I have loved walking all my life, and my favorite was always just out walking with my dog, in the moonlight. It is just pretty walking at night, and easier to just relax and let your mind wander when everything is dark, and you are not distracted by seeing things like you do when walking in the daylight.
I grew up in a peaceful little north Idaho town, and had my big black Lab with me, and back in those times, it was pretty safe to be out walking, even late at night. 
Now, my knees and feet are too bad to let me even walk out to the mailbox comfortably. I can do it, just can't do it and enjoy it like I used to.
i found that Gazelle machine on Craigslist , and it works for me to walk on, since I don't have to bend my knees, or lift my feet.

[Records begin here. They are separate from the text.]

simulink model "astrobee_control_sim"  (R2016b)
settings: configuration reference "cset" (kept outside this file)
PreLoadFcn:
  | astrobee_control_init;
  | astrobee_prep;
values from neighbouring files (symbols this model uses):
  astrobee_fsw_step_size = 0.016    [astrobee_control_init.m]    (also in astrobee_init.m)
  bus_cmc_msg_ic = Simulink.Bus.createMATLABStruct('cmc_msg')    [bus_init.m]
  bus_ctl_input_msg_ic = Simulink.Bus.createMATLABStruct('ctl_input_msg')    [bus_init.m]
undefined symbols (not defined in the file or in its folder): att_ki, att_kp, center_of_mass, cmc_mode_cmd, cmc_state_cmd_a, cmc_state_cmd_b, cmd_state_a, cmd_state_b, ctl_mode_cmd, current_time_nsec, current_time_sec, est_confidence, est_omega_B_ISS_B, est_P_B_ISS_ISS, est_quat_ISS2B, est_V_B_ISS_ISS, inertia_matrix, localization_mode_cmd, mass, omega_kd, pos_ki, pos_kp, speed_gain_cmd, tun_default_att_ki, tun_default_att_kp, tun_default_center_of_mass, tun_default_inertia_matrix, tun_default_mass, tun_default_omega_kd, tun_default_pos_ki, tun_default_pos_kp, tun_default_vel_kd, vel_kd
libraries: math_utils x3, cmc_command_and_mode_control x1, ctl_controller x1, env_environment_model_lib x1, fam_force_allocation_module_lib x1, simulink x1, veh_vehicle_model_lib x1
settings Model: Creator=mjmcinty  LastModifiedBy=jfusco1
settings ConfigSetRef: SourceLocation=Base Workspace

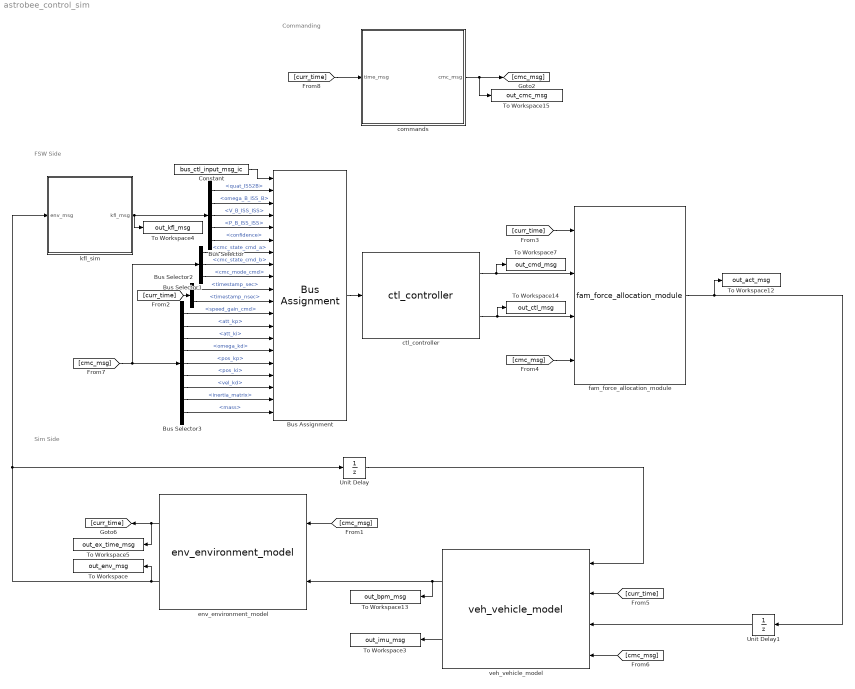
== system astrobee_control_sim ==
  note: FSW Side
  note: Sim Side
  note: Commanding
  Bus Assignment : BusAssignment  AssignedSignals=est_quat_ISS2B,est_omega_B_ISS_B,est_V_B_ISS_ISS,est_P_B_ISS_ISS,est_confidence,cmd_state_a,cmd_state_b,ctl_mode_cmd,current_time_sec,current_time_nsec,speed_gain_cmd,att_kp,att_ki,omega_kd,pos_kp,pos_ki,vel_kd,inertia_matrix,mass
  Bus Selector : BusSelector  OutputSignals=quat_ISS2B,omega_B_ISS_B,V_B_ISS_ISS,P_B_ISS_ISS,confidence
  Bus Selector1 : BusSelector  OutputSignals=cmc_state_cmd_a,cmc_state_cmd_b,cmc_mode_cmd
  Bus Selector2 : BusSelector  OutputSignals=timestamp_sec,timestamp_nsec
  Bus Selector3 : BusSelector  OutputSignals=speed_gain_cmd,att_kp,att_ki,omega_kd,pos_kp,pos_ki,vel_kd,inertia_matrix,mass
  Constant : Constant  Value=bus_ctl_input_msg_ic  OutDataTypeStr=Bus: ctl_input_msg
  To Workspace : ToWorkspace  VariableName=out_env_msg  SaveFormat=Timeseries  SampleTime=-1
  To Workspace12 : ToWorkspace  VariableName=out_act_msg  SaveFormat=Timeseries  SampleTime=-1
  To Workspace13 : ToWorkspace  VariableName=out_bpm_msg  SaveFormat=Timeseries  SampleTime=-1
  To Workspace14 : ToWorkspace  VariableName=out_ctl_msg  SaveFormat=Timeseries  SampleTime=-1
  To Workspace15 : ToWorkspace  VariableName=out_cmc_msg  SaveFormat=Timeseries  SampleTime=-1
  To Workspace3 : ToWorkspace  VariableName=out_imu_msg  SaveFormat=Timeseries  SampleTime=-1
  To Workspace4 : ToWorkspace  VariableName=out_kfl_msg  SaveFormat=Timeseries  SampleTime=-1
  To Workspace5 : ToWorkspace  VariableName=out_ex_time_msg  SaveFormat=Timeseries  SampleTime=-1
  To Workspace7 : ToWorkspace  VariableName=out_cmd_msg  SaveFormat=Timeseries  SampleTime=-1
  Unit Delay : UnitDelay  SampleTime=-1
  Unit Delay1 : UnitDelay  SampleTime=-1
  commands : Subsystem
  ctl_controller : ctl_controller/ctl_controller
  env_environment_model : env_environment_model_lib/env_environment_model  VariantControl=(default)
  fam_force_allocation_module : fam_force_allocation_module_lib/fam_force_allocation_module
  kfl_sim : Subsystem
  veh_vehicle_model : veh_vehicle_model_lib/veh_vehicle_model
  wires:
  [cmc_msg] -> fam_force_allocation_module/4
  env_environment_model/2 -> To Workspace/1, Unit Delay/1, kfl_sim/1(env_msg)
  ctl_controller/2 -> To Workspace14/1, fam_force_allocation_module/3
  ctl_controller/1 -> To Workspace7/1, fam_force_allocation_module/2
  [curr_time] -> fam_force_allocation_module/1
  commands/1(cmc_msg) -> To Workspace15/1, [cmc_msg]
  fam_force_allocation_module/1 -> To Workspace12/1, Unit Delay1/1
  [cmc_msg] -> env_environment_model/1
  [cmc_msg] -> veh_vehicle_model/4
  kfl_sim/1(kfl_msg) -> To Workspace4/1, Bus Selector/1
  veh_vehicle_model/1 -> To Workspace13/1, env_environment_model/2
  env_environment_model/1 -> To Workspace5/1, [curr_time]
  veh_vehicle_model/2 -> To Workspace3/1
  Unit Delay/1 -> veh_vehicle_model/1
  [curr_time] -> veh_vehicle_model/2
  [curr_time] -> commands/1(time_msg)
  Unit Delay1/1 -> veh_vehicle_model/3
  Bus Selector3/9 -> Bus Assignment/20  "<mass>"
  Bus Selector3/8 -> Bus Assignment/19  "<inertia_matrix>"
  Bus Selector3/7 -> Bus Assignment/18  "<vel_kd>"
  Bus Selector3/6 -> Bus Assignment/17  "<pos_ki>"
  Bus Selector3/5 -> Bus Assignment/16  "<pos_kp>"
  Bus Selector3/4 -> Bus Assignment/15  "<omega_kd>"
  Bus Selector3/3 -> Bus Assignment/14  "<att_ki>"
  Bus Selector3/2 -> Bus Assignment/13  "<att_kp>"
  Bus Selector3/1 -> Bus Assignment/12  "<speed_gain_cmd>"
  Bus Selector2/2 -> Bus Assignment/11  "<timestamp_nsec>"
  Bus Selector2/1 -> Bus Assignment/10  "<timestamp_sec>"
  [curr_time] -> Bus Selector2/1
  Bus Selector1/3 -> Bus Assignment/9  "<cmc_mode_cmd>"
  Bus Selector1/2 -> Bus Assignment/8  "<cmc_state_cmd_b>"
  Bus Selector1/1 -> Bus Assignment/7  "<cmc_state_cmd_a>"
  Bus Selector/5 -> Bus Assignment/6  "<confidence>"
  Bus Selector/4 -> Bus Assignment/5  "<P_B_ISS_ISS>"
  Bus Selector/1 -> Bus Assignment/2  "<quat_ISS2B>"
  Bus Selector/3 -> Bus Assignment/4  "<V_B_ISS_ISS>"
  Bus Selector/2 -> Bus Assignment/3  "<omega_B_ISS_B>"
  Constant/1 -> Bus Assignment/1
  [cmc_msg] -> Bus Selector1/1, Bus Selector3/1
  Bus Assignment/1 -> ctl_controller/1

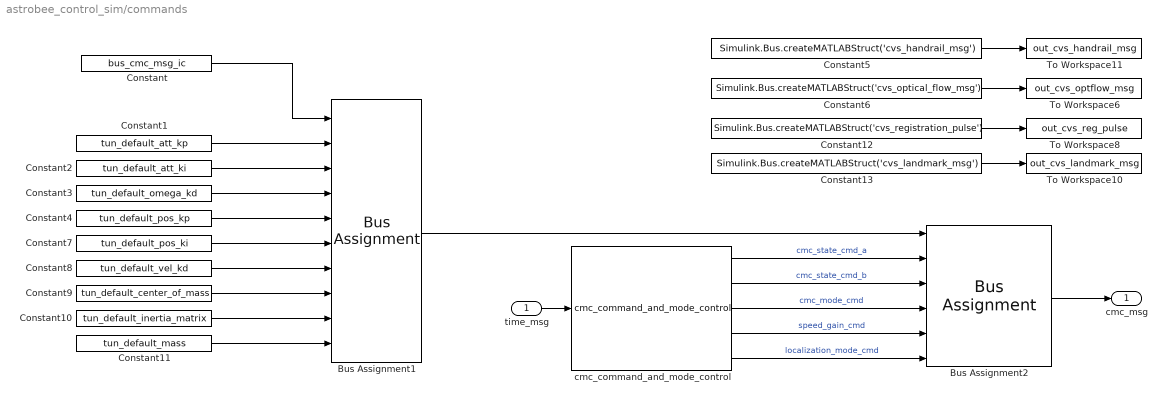
== system astrobee_control_sim/commands ==
  time_msg : Inport
  Bus Assignment1 : BusAssignment  AssignedSignals=att_kp,att_ki,omega_kd,pos_kp,pos_ki,vel_kd,center_of_mass,inertia_matrix,mass
  Bus Assignment2 : BusAssignment  AssignedSignals=cmc_state_cmd_a,cmc_state_cmd_b,cmc_mode_cmd,speed_gain_cmd,localization_mode_cmd
  Constant : Constant  Value=bus_cmc_msg_ic  OutDataTypeStr=Bus: cmc_msg
  Constant1 : Constant  Value=tun_default_att_kp
  Constant10 : Constant  Value=tun_default_inertia_matrix
  Constant11 : Constant  Value=tun_default_mass
  Constant12 : Constant  Value=Simulink.Bus.createMATLABStruct('cvs_registration_pulse')  OutDataTypeStr=Bus: cvs_registration_pulse
  Constant13 : Constant  Value=Simulink.Bus.createMATLABStruct('cvs_landmark_msg')  OutDataTypeStr=Bus: cvs_landmark_msg
  Constant2 : Constant  Value=tun_default_att_ki
  Constant3 : Constant  Value=tun_default_omega_kd
  Constant4 : Constant  Value=tun_default_pos_kp
  Constant5 : Constant  Value=Simulink.Bus.createMATLABStruct('cvs_handrail_msg')  OutDataTypeStr=Bus: cvs_handrail_msg
  Constant6 : Constant  Value=Simulink.Bus.createMATLABStruct('cvs_optical_flow_msg')  OutDataTypeStr=Bus: cvs_optical_flow_msg
  Constant7 : Constant  Value=tun_default_pos_ki
  Constant8 : Constant  Value=tun_default_vel_kd
  Constant9 : Constant  Value=tun_default_center_of_mass
  To Workspace10 : ToWorkspace  VariableName=out_cvs_landmark_msg  SaveFormat=Timeseries  SampleTime=-1
  To Workspace11 : ToWorkspace  VariableName=out_cvs_handrail_msg  SaveFormat=Timeseries  SampleTime=-1
  To Workspace6 : ToWorkspace  VariableName=out_cvs_optflow_msg  SaveFormat=Timeseries  SampleTime=-1
  To Workspace8 : ToWorkspace  VariableName=out_cvs_reg_pulse  SaveFormat=Timeseries  SampleTime=-1
  cmc_command_and_mode_control : cmc_command_and_mode_control/cmc_command_and_mode_control
  cmc_msg : Outport  OutDataTypeStr=Bus: cmc_msg
  wires:
  Constant3/1 -> Bus Assignment1/4
  Constant4/1 -> Bus Assignment1/5
  Constant2/1 -> Bus Assignment1/3
  Constant7/1 -> Bus Assignment1/6
  Constant1/1 -> Bus Assignment1/2
  Constant8/1 -> Bus Assignment1/7
  Constant9/1 -> Bus Assignment1/8
  Constant10/1 -> Bus Assignment1/9
  Constant11/1 -> Bus Assignment1/10
  Constant/1 -> Bus Assignment1/1
  cmc_command_and_mode_control/4 -> Bus Assignment2/5  "speed_gain_cmd"
  cmc_command_and_mode_control/5 -> Bus Assignment2/6  "localization_mode_cmd"
  time_msg/1 -> cmc_command_and_mode_control/1
  cmc_command_and_mode_control/2 -> Bus Assignment2/3  "cmc_state_cmd_b"
  cmc_command_and_mode_control/3 -> Bus Assignment2/4  "cmc_mode_cmd"
  cmc_command_and_mode_control/1 -> Bus Assignment2/2  "cmc_state_cmd_a"
  Bus Assignment2/1 -> cmc_msg/1
  Bus Assignment1/1 -> Bus Assignment2/1
  Constant5/1 -> To Workspace11/1
  Constant6/1 -> To Workspace6/1
  Constant12/1 -> To Workspace8/1
  Constant13/1 -> To Workspace10/1

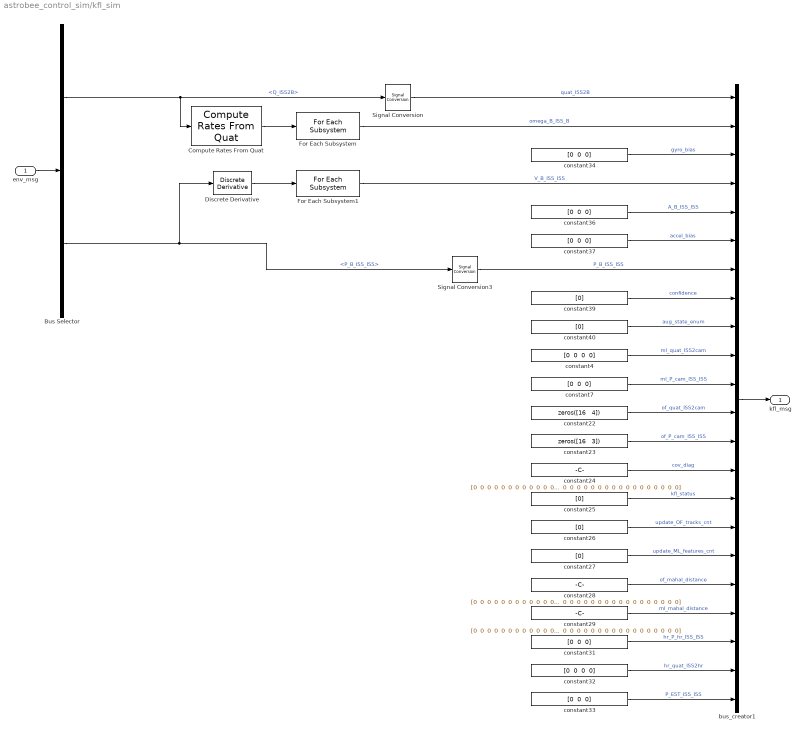
== system astrobee_control_sim/kfl_sim ==
  env_msg : Inport  OutDataTypeStr=Bus: env_msg
  Bus Selector : BusSelector  OutputSignals=Q_ISS2B,P_B_ISS_ISS
  Compute Rates From Quat : math_utils/Compute Rates From Quat  SystemSampleTime=-1
  Discrete Derivative : simulink/Discrete/Discrete Derivative  gainval=1.0  ICPrevScaledInput=0.0  OutMin=[]  OutMax=[]  OutDataType=fixdt(1, 16)  OutScaling=2^-10  DoSatur=off
  For Each Subsystem : math_utils/For Each Subsystem  T=astrobee_fsw_step_size  omega=tun_truth_q_omega_filt_cutoff_freq  filt_enable=tun_truth_q_omega_filt_enable
  For Each Subsystem1 : math_utils/For Each Subsystem  T=astrobee_fsw_step_size  omega=tun_truth_velocity_filt_cutoff_freq  filt_enable=tun_truth_velocity_filt_enable
  Signal Conversion : SignalConversion  OverrideOpt=off
  Signal Conversion3 : SignalConversion  OverrideOpt=off
  bus_creator1 : BusCreator  Inputs=22  OutDataTypeStr=Bus: kfl_msg  NonVirtualBus=on
  constant22 : Constant  Value="zeros([16   4])"  OutDataTypeStr=single
  constant23 : Constant  Value="zeros([16   3])"  OutDataTypeStr=single
  constant24 : Constant  Value="[0  0  0  0  0  0  0  0  0  0  0  0  0  0  0  0  0  0  0  0  0  0  0  0  0  0  0  0  0  0  0  0  0  0  0  0  0  0  0  0  0  0  0  0  0  0  0  0  0  0  0  0  0  0  0  0  0  0  0  0  0  0  0  0  0  0  0  0  0  0  0  0  0  0  0  0  0  0  0  0  0  0  0  0  0  0  0  0  0  0  0  0  0  0  0  0  0  0  0  0  0  0  0  0  0  0  0  0  0  0  0  0  0  0  0  0  0]"  OutDataTypeStr=ase_cov_datatype
  constant25 : Constant  Value=[0]  OutDataTypeStr=uint16
  constant26 : Constant  Value=[0]  OutDataTypeStr=uint8
  constant27 : Constant  Value=[0]  OutDataTypeStr=uint8
  constant28 : Constant  Value="[0  0  0  0  0  0  0  0  0  0  0  0  0  0  0  0  0  0  0  0  0  0  0  0  0  0  0  0  0  0  0  0  0  0  0  0  0  0  0  0  0  0  0  0  0  0  0  0  0  0]"  OutDataTypeStr=double
  constant29 : Constant  Value="[0  0  0  0  0  0  0  0  0  0  0  0  0  0  0  0  0  0  0  0  0  0  0  0  0  0  0  0  0  0  0  0  0  0  0  0  0  0  0  0  0  0  0  0  0  0  0  0  0  0]"  OutDataTypeStr=double
  constant{7,31,33..34,36..37} (6 alike) : Constant  Value="[0  0  0]"  OutDataTypeStr=single
  constant32 : Constant  Value="[0  0  0  0]"  OutDataTypeStr=single
  constant39 : Constant  Value=[0]  OutDataTypeStr=uint8
  constant4 : Constant  Value="[0  0  0  0]"  OutDataTypeStr=single
  constant40 : Constant  Value=[0]  OutDataTypeStr=uint32
  kfl_msg : Outport
  wires:
  Discrete Derivative/1 -> For Each Subsystem1/1
  Compute Rates From Quat/1 -> For Each Subsystem/1
  bus_creator1/1 -> kfl_msg/1
  constant33/1 -> bus_creator1/22  "P_EST_ISS_ISS"
  constant32/1 -> bus_creator1/21  "hr_quat_ISS2hr"
  constant31/1 -> bus_creator1/20  "hr_P_hr_ISS_ISS"
  constant29/1 -> bus_creator1/19  "ml_mahal_distance"
  constant28/1 -> bus_creator1/18  "of_mahal_distance"
  constant27/1 -> bus_creator1/17  "update_ML_features_cnt"
  constant26/1 -> bus_creator1/16  "update_OF_tracks_cnt"
  constant25/1 -> bus_creator1/15  "kfl_status"
  constant24/1 -> bus_creator1/14  "cov_diag"
  constant23/1 -> bus_creator1/13  "of_P_cam_ISS_ISS"
  constant22/1 -> bus_creator1/12  "of_quat_ISS2cam"
  constant7/1 -> bus_creator1/11  "ml_P_cam_ISS_ISS"
  constant4/1 -> bus_creator1/10  "ml_quat_ISS2cam"
  constant40/1 -> bus_creator1/9  "aug_state_enum"
  constant39/1 -> bus_creator1/8  "confidence"
  Signal Conversion3/1 -> bus_creator1/7  "P_B_ISS_ISS"
  constant37/1 -> bus_creator1/6  "accel_bias"
  constant36/1 -> bus_creator1/5  "A_B_ISS_ISS"
  For Each Subsystem1/1 -> bus_creator1/4  "V_B_ISS_ISS"
  constant34/1 -> bus_creator1/3  "gyro_bias"
  For Each Subsystem/1 -> bus_creator1/2  "omega_B_ISS_B"
  Signal Conversion/1 -> bus_creator1/1  "quat_ISS2B"
  env_msg/1 -> Bus Selector/1
  Bus Selector/1 -> Compute Rates From Quat/1, Signal Conversion/1  "<Q_ISS2B>"
  Bus Selector/2 -> Signal Conversion3/1, Discrete Derivative/1  "<P_B_ISS_ISS>"

You just kind of ski along on it, and it is working our body a lot like walking does, but with a lot less strain on it. 
Plus, I don't actually GO anywhere, so I am right at home if I need to stop, sit down and rest, which I can't do if I am really  walking somewhere.


----------



## That Guy (Jul 7, 2013)




----------



## SeaBreeze (Jul 7, 2013)

Lovin' the memories, TG...


----------



## mamacathie (Jul 8, 2013)

I try to walk from 5-7 miles a day.  This is not all done in a single walk but I do try to reach it daily. I have slacked a bit the past week and half because of illness but I am getting back into it very slowly.  I can feel such a difference when I do walk and know that it is so beneficial to my health and my spiritual, as well as my physical being.  It is so good to clear the cob webs from my mind and see God's creations in nature.


----------



## SeaBreeze (Jul 8, 2013)

5-7 miles a day is ideal Mamacathie, good for you!  I also love walking outdoors in nature.


----------